Provided data below:

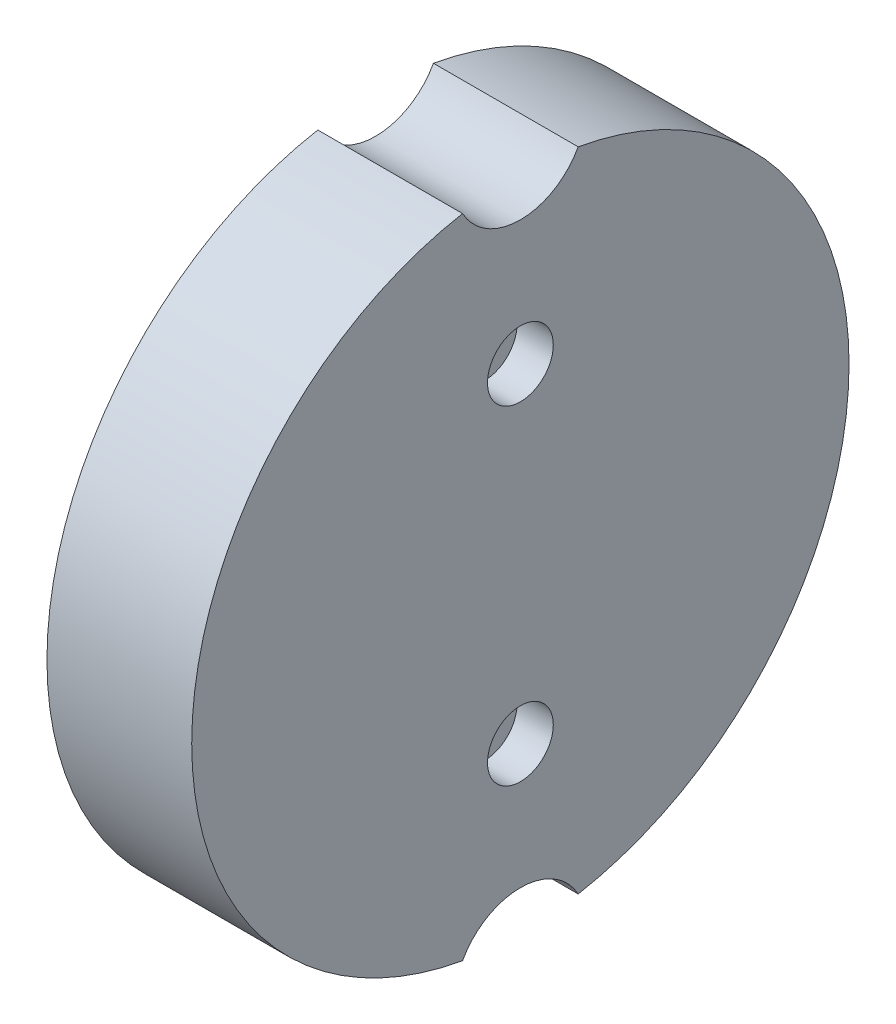
ISO-10303-21;
HEADER;
FILE_DESCRIPTION(('STEP AP214'),'2;1');
FILE_NAME('part.step','',(''),(''),'','','');
FILE_SCHEMA(('AUTOMOTIVE_DESIGN { 1 0 10303 214 1 1 1 1 }'));
ENDSEC;
DATA;
#1=APPLICATION_CONTEXT('core data for automotive mechanical design processes');
#2=APPLICATION_PROTOCOL_DEFINITION('international standard','automotive_design',2000,#1);
#3=PRODUCT_CONTEXT('',#1,'mechanical');
#4=PRODUCT('Part','Part','',(#3));
#5=PRODUCT_RELATED_PRODUCT_CATEGORY('part','',(#4));
#6=PRODUCT_DEFINITION_FORMATION('','',#4);
#7=PRODUCT_DEFINITION_CONTEXT('part definition',#1,'design');
#8=PRODUCT_DEFINITION('design','',#6,#7);
#9=PRODUCT_DEFINITION_SHAPE('','',#8);
#10=(LENGTH_UNIT() NAMED_UNIT(*) SI_UNIT(.MILLI.,.METRE.));
#11=(NAMED_UNIT(*) PLANE_ANGLE_UNIT() SI_UNIT($,.RADIAN.));
#12=(NAMED_UNIT(*) SI_UNIT($,.STERADIAN.) SOLID_ANGLE_UNIT());
#13=UNCERTAINTY_MEASURE_WITH_UNIT(LENGTH_MEASURE(1.E-05),#10,'distance_accuracy_value','');
#14=(GEOMETRIC_REPRESENTATION_CONTEXT(3) GLOBAL_UNCERTAINTY_ASSIGNED_CONTEXT((#13)) GLOBAL_UNIT_ASSIGNED_CONTEXT((#10,
#11,#12)) REPRESENTATION_CONTEXT('',''));
#15=CARTESIAN_POINT('',(0.,0.,0.));
#16=DIRECTION('',(0.,0.,1.));
#17=DIRECTION('',(1.,0.,0.));
#18=AXIS2_PLACEMENT_3D('',#15,#16,#17);
#19=CARTESIAN_POINT('',(36.46,-2.5,0.));
#20=DIRECTION('',(-1.,0.,0.));
#21=DIRECTION('',(0.,0.,1.));
#22=AXIS2_PLACEMENT_3D('',#19,#20,#21);
#23=PLANE('',#22);
#24=CARTESIAN_POINT('',(36.46,-2.5,0.));
#25=DIRECTION('',(1.,0.,0.));
#26=DIRECTION('',(0.,0.,-1.));
#27=AXIS2_PLACEMENT_3D('',#24,#25,#26);
#28=CIRCLE('',#27,0.5);
#29=CARTESIAN_POINT('',(36.46,-2.5,-0.5));
#30=VERTEX_POINT('',#29);
#31=EDGE_CURVE('E19',#30,#30,#28,.T.);
#32=ORIENTED_EDGE('',*,*,#31,.T.);
#33=EDGE_LOOP('',(#32));
#34=FACE_BOUND('',#33,.T.);
#35=ADVANCED_FACE('F16',(#34),#23,.F.);
#36=CARTESIAN_POINT('',(36.46,2.5,0.));
#37=DIRECTION('',(-1.,0.,0.));
#38=DIRECTION('',(0.,0.,1.));
#39=AXIS2_PLACEMENT_3D('',#36,#37,#38);
#40=PLANE('',#39);
#41=CARTESIAN_POINT('',(36.46,2.5,0.));
#42=DIRECTION('',(1.,0.,0.));
#43=DIRECTION('',(0.,0.,-1.));
#44=AXIS2_PLACEMENT_3D('',#41,#42,#43);
#45=CIRCLE('',#44,0.5);
#46=CARTESIAN_POINT('',(36.46,2.5,-0.5));
#47=VERTEX_POINT('',#46);
#48=EDGE_CURVE('E96',#47,#47,#45,.T.);
#49=ORIENTED_EDGE('',*,*,#48,.T.);
#50=EDGE_LOOP('',(#49));
#51=FACE_BOUND('',#50,.T.);
#52=ADVANCED_FACE('F107',(#51),#40,.F.);
#53=CARTESIAN_POINT('',(36.735,-2.5,0.));
#54=DIRECTION('',(1.,0.,0.));
#55=DIRECTION('',(0.,0.,-1.));
#56=AXIS2_PLACEMENT_3D('',#53,#54,#55);
#57=CYLINDRICAL_SURFACE('',#56,0.5);
#58=CARTESIAN_POINT('',(37.01,-2.5,0.));
#59=DIRECTION('',(1.,0.,0.));
#60=DIRECTION('',(0.,0.,-1.));
#61=AXIS2_PLACEMENT_3D('',#58,#59,#60);
#62=CIRCLE('',#61,0.5);
#63=CARTESIAN_POINT('',(37.01,-2.5,-0.5));
#64=VERTEX_POINT('',#63);
#65=EDGE_CURVE('E94',#64,#64,#62,.F.);
#66=ORIENTED_EDGE('',*,*,#65,.F.);
#67=EDGE_LOOP('',(#66));
#68=FACE_BOUND('',#67,.T.);
#69=ORIENTED_EDGE('',*,*,#31,.F.);
#70=EDGE_LOOP('',(#69));
#71=FACE_BOUND('',#70,.T.);
#72=ADVANCED_FACE('F104',(#68,#71),#57,.F.);
#73=CARTESIAN_POINT('',(36.735,2.5,0.));
#74=DIRECTION('',(1.,0.,0.));
#75=DIRECTION('',(0.,0.,-1.));
#76=AXIS2_PLACEMENT_3D('',#73,#74,#75);
#77=CYLINDRICAL_SURFACE('',#76,0.5);
#78=CARTESIAN_POINT('',(37.01,2.5,0.));
#79=DIRECTION('',(1.,0.,0.));
#80=DIRECTION('',(0.,0.,-1.));
#81=AXIS2_PLACEMENT_3D('',#78,#79,#80);
#82=CIRCLE('',#81,0.5);
#83=CARTESIAN_POINT('',(37.01,2.5,-0.5));
#84=VERTEX_POINT('',#83);
#85=EDGE_CURVE('E74',#84,#84,#82,.F.);
#86=ORIENTED_EDGE('',*,*,#85,.F.);
#87=EDGE_LOOP('',(#86));
#88=FACE_BOUND('',#87,.T.);
#89=ORIENTED_EDGE('',*,*,#48,.F.);
#90=EDGE_LOOP('',(#89));
#91=FACE_BOUND('',#90,.T.);
#92=ADVANCED_FACE('F106',(#88,#91),#77,.F.);
#93=CARTESIAN_POINT('',(37.01,0.,2.4975));
#94=DIRECTION('',(1.,0.,0.));
#95=DIRECTION('',(0.,0.,-1.));
#96=AXIS2_PLACEMENT_3D('',#93,#94,#95);
#97=PLANE('',#96);
#98=CARTESIAN_POINT('',(37.01,0.,0.));
#99=DIRECTION('',(-1.,0.,0.));
#100=DIRECTION('',(0.,0.,1.));
#101=AXIS2_PLACEMENT_3D('',#98,#99,#100);
#102=CIRCLE('',#101,4.995);
#103=CARTESIAN_POINT('',(37.01,-4.91715013901761,0.878441523585437));
#104=VERTEX_POINT('',#103);
#105=CARTESIAN_POINT('',(37.01,4.91715013901761,0.878441523585441));
#106=VERTEX_POINT('',#105);
#107=EDGE_CURVE('E54',#104,#106,#102,.T.);
#108=ORIENTED_EDGE('',*,*,#107,.F.);
#109=CARTESIAN_POINT('',(37.01,-5.395,0.));
#110=DIRECTION('',(-1.,0.,0.));
#111=DIRECTION('',(0.,0.,1.));
#112=AXIS2_PLACEMENT_3D('',#109,#110,#111);
#113=CIRCLE('',#112,1.);
#114=CARTESIAN_POINT('',(37.01,-4.91715013901761,-0.878441523585438));
#115=VERTEX_POINT('',#114);
#116=EDGE_CURVE('E58',#104,#115,#113,.T.);
#117=ORIENTED_EDGE('',*,*,#116,.T.);
#118=CARTESIAN_POINT('',(37.01,0.,0.));
#119=DIRECTION('',(-1.,0.,0.));
#120=DIRECTION('',(0.,0.,1.));
#121=AXIS2_PLACEMENT_3D('',#118,#119,#120);
#122=CIRCLE('',#121,4.995);
#123=CARTESIAN_POINT('',(37.01,4.91715013901761,-0.878441523585439));
#124=VERTEX_POINT('',#123);
#125=EDGE_CURVE('E89',#124,#115,#122,.T.);
#126=ORIENTED_EDGE('',*,*,#125,.F.);
#127=CARTESIAN_POINT('',(37.01,5.395,0.));
#128=DIRECTION('',(-1.,0.,0.));
#129=DIRECTION('',(0.,0.,1.));
#130=AXIS2_PLACEMENT_3D('',#127,#128,#129);
#131=CIRCLE('',#130,1.);
#132=EDGE_CURVE('E60',#124,#106,#131,.T.);
#133=ORIENTED_EDGE('',*,*,#132,.T.);
#134=EDGE_LOOP('',(#108,#117,#126,#133));
#135=FACE_BOUND('',#134,.T.);
#136=ORIENTED_EDGE('',*,*,#85,.T.);
#137=EDGE_LOOP('',(#136));
#138=FACE_BOUND('',#137,.T.);
#139=ORIENTED_EDGE('',*,*,#65,.T.);
#140=EDGE_LOOP('',(#139));
#141=FACE_BOUND('',#140,.T.);
#142=ADVANCED_FACE('F56',(#135,#138,#141),#97,.T.);
#143=CARTESIAN_POINT('',(35.91,-5.395,0.));
#144=DIRECTION('',(-1.,0.,0.));
#145=DIRECTION('',(0.,0.,1.));
#146=AXIS2_PLACEMENT_3D('',#143,#144,#145);
#147=CYLINDRICAL_SURFACE('',#146,1.);
#148=CARTESIAN_POINT('',(34.81,-5.395,0.));
#149=DIRECTION('',(-1.,0.,0.));
#150=DIRECTION('',(0.,0.,1.));
#151=AXIS2_PLACEMENT_3D('',#148,#149,#150);
#152=CIRCLE('',#151,1.);
#153=CARTESIAN_POINT('',(34.81,-4.91715013901761,-0.878441523585438));
#154=VERTEX_POINT('',#153);
#155=CARTESIAN_POINT('',(34.81,-4.91715013901761,0.878441523585436));
#156=VERTEX_POINT('',#155);
#157=EDGE_CURVE('E87',#154,#156,#152,.F.);
#158=ORIENTED_EDGE('',*,*,#157,.F.);
#159=DIRECTION('',(-1.,0.,0.));
#160=VECTOR('',#159,1.);
#161=CARTESIAN_POINT('',(35.91,-4.91715013901761,-0.878441523585436));
#162=LINE('',#161,#160);
#163=EDGE_CURVE('E72',#115,#154,#162,.T.);
#164=ORIENTED_EDGE('',*,*,#163,.F.);
#165=ORIENTED_EDGE('',*,*,#116,.F.);
#166=DIRECTION('',(-1.,0.,0.));
#167=VECTOR('',#166,1.);
#168=CARTESIAN_POINT('',(35.91,-4.91715013901761,0.878441523585434));
#169=LINE('',#168,#167);
#170=EDGE_CURVE('E65',#156,#104,#169,.F.);
#171=ORIENTED_EDGE('',*,*,#170,.F.);
#172=EDGE_LOOP('',(#158,#164,#165,#171));
#173=FACE_BOUND('',#172,.T.);
#174=ADVANCED_FACE('F69',(#173),#147,.F.);
#175=CARTESIAN_POINT('',(35.91,0.,0.));
#176=DIRECTION('',(-1.,0.,0.));
#177=DIRECTION('',(0.,0.,1.));
#178=AXIS2_PLACEMENT_3D('',#175,#176,#177);
#179=CYLINDRICAL_SURFACE('',#178,4.995);
#180=DIRECTION('',(-1.,0.,0.));
#181=VECTOR('',#180,1.);
#182=CARTESIAN_POINT('',(35.91,4.91715013901761,0.87844152358544));
#183=LINE('',#182,#181);
#184=CARTESIAN_POINT('',(34.81,4.91715013901761,0.878441523585441));
#185=VERTEX_POINT('',#184);
#186=EDGE_CURVE('E81',#106,#185,#183,.T.);
#187=ORIENTED_EDGE('',*,*,#186,.T.);
#188=CARTESIAN_POINT('',(34.81,0.,0.));
#189=DIRECTION('',(-1.,0.,0.));
#190=DIRECTION('',(0.,0.,1.));
#191=AXIS2_PLACEMENT_3D('',#188,#189,#190);
#192=CIRCLE('',#191,4.995);
#193=EDGE_CURVE('E77',#156,#185,#192,.T.);
#194=ORIENTED_EDGE('',*,*,#193,.F.);
#195=ORIENTED_EDGE('',*,*,#170,.T.);
#196=ORIENTED_EDGE('',*,*,#107,.T.);
#197=EDGE_LOOP('',(#187,#194,#195,#196));
#198=FACE_BOUND('',#197,.T.);
#199=ADVANCED_FACE('F76',(#198),#179,.T.);
#200=CARTESIAN_POINT('',(35.91,5.395,0.));
#201=DIRECTION('',(-1.,0.,0.));
#202=DIRECTION('',(0.,0.,1.));
#203=AXIS2_PLACEMENT_3D('',#200,#201,#202);
#204=CYLINDRICAL_SURFACE('',#203,1.);
#205=CARTESIAN_POINT('',(34.81,5.395,0.));
#206=DIRECTION('',(-1.,0.,0.));
#207=DIRECTION('',(0.,0.,1.));
#208=AXIS2_PLACEMENT_3D('',#205,#206,#207);
#209=CIRCLE('',#208,1.);
#210=CARTESIAN_POINT('',(34.81,4.91715013901761,-0.878441523585437));
#211=VERTEX_POINT('',#210);
#212=EDGE_CURVE('E25',#185,#211,#209,.F.);
#213=ORIENTED_EDGE('',*,*,#212,.F.);
#214=ORIENTED_EDGE('',*,*,#186,.F.);
#215=ORIENTED_EDGE('',*,*,#132,.F.);
#216=DIRECTION('',(-1.,0.,0.));
#217=VECTOR('',#216,1.);
#218=CARTESIAN_POINT('',(35.91,4.91715013901761,-0.878441523585437));
#219=LINE('',#218,#217);
#220=EDGE_CURVE('E34',#211,#124,#219,.F.);
#221=ORIENTED_EDGE('',*,*,#220,.F.);
#222=EDGE_LOOP('',(#213,#214,#215,#221));
#223=FACE_BOUND('',#222,.T.);
#224=ADVANCED_FACE('F126',(#223),#204,.F.);
#225=CARTESIAN_POINT('',(35.91,0.,0.));
#226=DIRECTION('',(-1.,0.,0.));
#227=DIRECTION('',(0.,0.,1.));
#228=AXIS2_PLACEMENT_3D('',#225,#226,#227);
#229=CYLINDRICAL_SURFACE('',#228,4.995);
#230=ORIENTED_EDGE('',*,*,#163,.T.);
#231=CARTESIAN_POINT('',(34.81,0.,0.));
#232=DIRECTION('',(-1.,0.,0.));
#233=DIRECTION('',(0.,0.,1.));
#234=AXIS2_PLACEMENT_3D('',#231,#232,#233);
#235=CIRCLE('',#234,4.995);
#236=EDGE_CURVE('E11',#211,#154,#235,.T.);
#237=ORIENTED_EDGE('',*,*,#236,.F.);
#238=ORIENTED_EDGE('',*,*,#220,.T.);
#239=ORIENTED_EDGE('',*,*,#125,.T.);
#240=EDGE_LOOP('',(#230,#237,#238,#239));
#241=FACE_BOUND('',#240,.T.);
#242=ADVANCED_FACE('F120',(#241),#229,.T.);
#243=CARTESIAN_POINT('',(34.81,0.,2.4975));
#244=DIRECTION('',(-1.,0.,0.));
#245=DIRECTION('',(0.,0.,1.));
#246=AXIS2_PLACEMENT_3D('',#243,#244,#245);
#247=PLANE('',#246);
#248=ORIENTED_EDGE('',*,*,#236,.T.);
#249=ORIENTED_EDGE('',*,*,#157,.T.);
#250=ORIENTED_EDGE('',*,*,#193,.T.);
#251=ORIENTED_EDGE('',*,*,#212,.T.);
#252=EDGE_LOOP('',(#248,#249,#250,#251));
#253=FACE_BOUND('',#252,.T.);
#254=ADVANCED_FACE('F118',(#253),#247,.T.);
#255=CLOSED_SHELL('',(#35,#52,#72,#92,#142,#174,#199,#224,#242,#254));
#256=MANIFOLD_SOLID_BREP('B1',#255);
#257=ADVANCED_BREP_SHAPE_REPRESENTATION('',(#18,#256),#14);
#258=SHAPE_DEFINITION_REPRESENTATION(#9,#257);
ENDSEC;
END-ISO-10303-21;

End of Provided data.

- Exercise -
Determine how many lines of the data above hold the word "VECTOR". Output that number only.

- Exercise output -
4